Reads the rich rule set defined in :mod:`src.templates.base_template` and runs
per-venue checks against the LaTeX source. Each rule fragment lives in its own
small private method so adding new conferences (or new rules) doesn't bloat the
public ``check`` method.
Severity convention used here:
* ``ERROR`` — desk-reject material if uncorrected (NeurIPS missing checklist,
ACL missing Limitations, double-blind \\author leak).
* ``WARNING`` — likely a real problem but might be a false positive (style
package mismatch, identifying URL).
* ``INFO`` — soft reminder that something MUST happen later (camera-ready
sections, lay summaries, font requirements, page-limit
estimation that the .tex source can't actually verify).
"""
from __future__ import annotations
import re
from typing import List, Optional
from .base import BaseChecker, CheckResult, CheckSeverity
# ------------------------------------------------------------------ helpers ---
# Match \section{X}, \subsection{X}, \paragraph{X}, optionally starred,
# allowing an optional [short] argument before the {body}.
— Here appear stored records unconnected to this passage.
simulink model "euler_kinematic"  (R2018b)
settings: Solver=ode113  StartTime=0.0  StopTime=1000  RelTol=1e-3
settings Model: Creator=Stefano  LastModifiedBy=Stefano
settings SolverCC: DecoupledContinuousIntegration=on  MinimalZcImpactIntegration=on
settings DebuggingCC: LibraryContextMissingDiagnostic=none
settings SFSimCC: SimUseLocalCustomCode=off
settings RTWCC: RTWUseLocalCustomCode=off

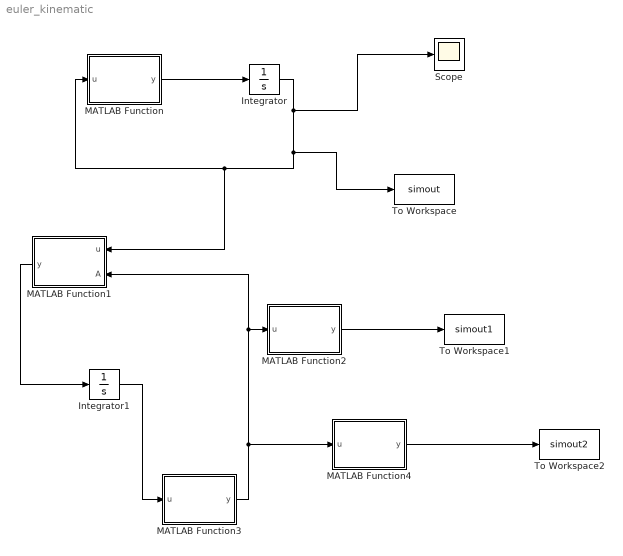
== system euler_kinematic ==
  Integrator : Integrator  InitialCondition=[0.01; 0.01; 15*pi/180]
  Integrator1 : Integrator  InitialCondition=[1 0 0;0 1 0;0 0 1]
  MATLAB Function : MATLAB Function  TreatAsAtomicUnit=on
  MATLAB Function1 : MATLAB Function  TreatAsAtomicUnit=on
  MATLAB Function2 : MATLAB Function  TreatAsAtomicUnit=on
  MATLAB Function3 : MATLAB Function  TreatAsAtomicUnit=on
  MATLAB Function4 : MATLAB Function  TreatAsAtomicUnit=on
  Scope : Scope
  To Workspace : ToWorkspace  VariableName=simout  SaveFormat=Timeseries  SampleTime=-1
  To Workspace1 : ToWorkspace  VariableName=simout1  SaveFormat=Timeseries  SampleTime=-1
  To Workspace2 : ToWorkspace  VariableName=simout2  SampleTime=-1
  wires:
  MATLAB Function/1(y) -> Integrator/1
  Integrator/1 -> Scope/1, To Workspace/1, MATLAB Function1/1(u), MATLAB Function/1(u)
  MATLAB Function1/1(y) -> Integrator1/1
  MATLAB Function2/1(y) -> To Workspace1/1
  Integrator1/1 -> MATLAB Function3/1(u)
  MATLAB Function3/1(y) -> MATLAB Function2/1(u), MATLAB Function1/2(A), MATLAB Function4/1(u)
  MATLAB Function4/1(y) -> To Workspace2/1

== matlab function euler_kinematic/MATLAB Function1 ==
  data: u input; y output; A input
function y = fcn(u,A)

W=[0 -u(3) u(2);u(2) 0 -u(1);-u(2) u(1) 0];
Adot=-W*A;
y=Adot;
end

== matlab function euler_kinematic/MATLAB Function ==
  data: u input; y output
function y = fcn(u)
%First laboratory

%Datas
Ix=0.01;
Iy=0.05;
Iz=0.07;

omx=u(1);
omy=u(2);
omz=u(3);

%Formula
omxdot=(Iy-Iz)/Ix*omy*omz;
omydot=(Iz-Ix)/Iy*omx*omz;
omzdot=(Ix-Iy)/Iz*omy*omx;

y=[omxdot; omydot; omzdot];

u=y;

end

== matlab function euler_kinematic/MATLAB Function2 ==
  data: u input; y output
function y = fcn(u)

t=trace(eye(3)-(u')*u);
y=t;

end

== matlab function euler_kinematic/MATLAB Function3 ==
  data: u input; y output
function y = fcn(u)

t=abs(trace(eye(3)-u'*u));
while t>0.00000001
    A=(1.5)*u-u*u'*0.5*u;
    t=abs(trace(eye(3)-A'*A));
    u=A;
end

y=u;
end

== matlab function euler_kinematic/MATLAB Function4 ==
  data: u input; y output
function y = fcn(u)

y=u'*[0 0 1]';

end

def _section_pattern(name: str) -> re.Pattern:
return re.compile(
r'\\(?:section|subsection|paragraph)\*?\s*(?:\[[^\]]*\])?\s*\{[^}]*?'
+ re.escape(name) + r'[^}]*\}',
re.IGNORECASE,
)
# Domains/URL patterns that strongly de-anonymize an author. Whitelisted
# domains (which legitimately appear in CV/ML papers without leaking identity)
# are excluded.
_IDENTIFYING_URL_PATTERNS = [
re.compile(r'\bgithub\.com/(?!anonymous)[A-Za-z0-9_\-]+/', re.IGNORECASE),
re.compile(r'\b[A-Za-z0-9_\-]+\.github\.io\b', re.IGNORECASE),
re.compile(r'\bgitlab\.com/(?!anonymous)[A-Za-z0-9_\-]+/', re.IGNORECASE),
re.compile(r'\bbitbucket\.org/(?!anonymous)[A-Za-z0-9_\-]+/', re.IGNORECASE),
re.compile(r'\b(?:huggingface\.co|wandb\.ai)/(?!anonymous)[A-Za-z0-9_\-]+/', re.IGNORECASE),
re.compile(r'\b(?:linkedin|twitter|x)\.com/[A-Za-z0-9_\-]+', re.IGNORECASE),
]
# URLs that are explicitly anonymous-friendly and should NOT be flagged.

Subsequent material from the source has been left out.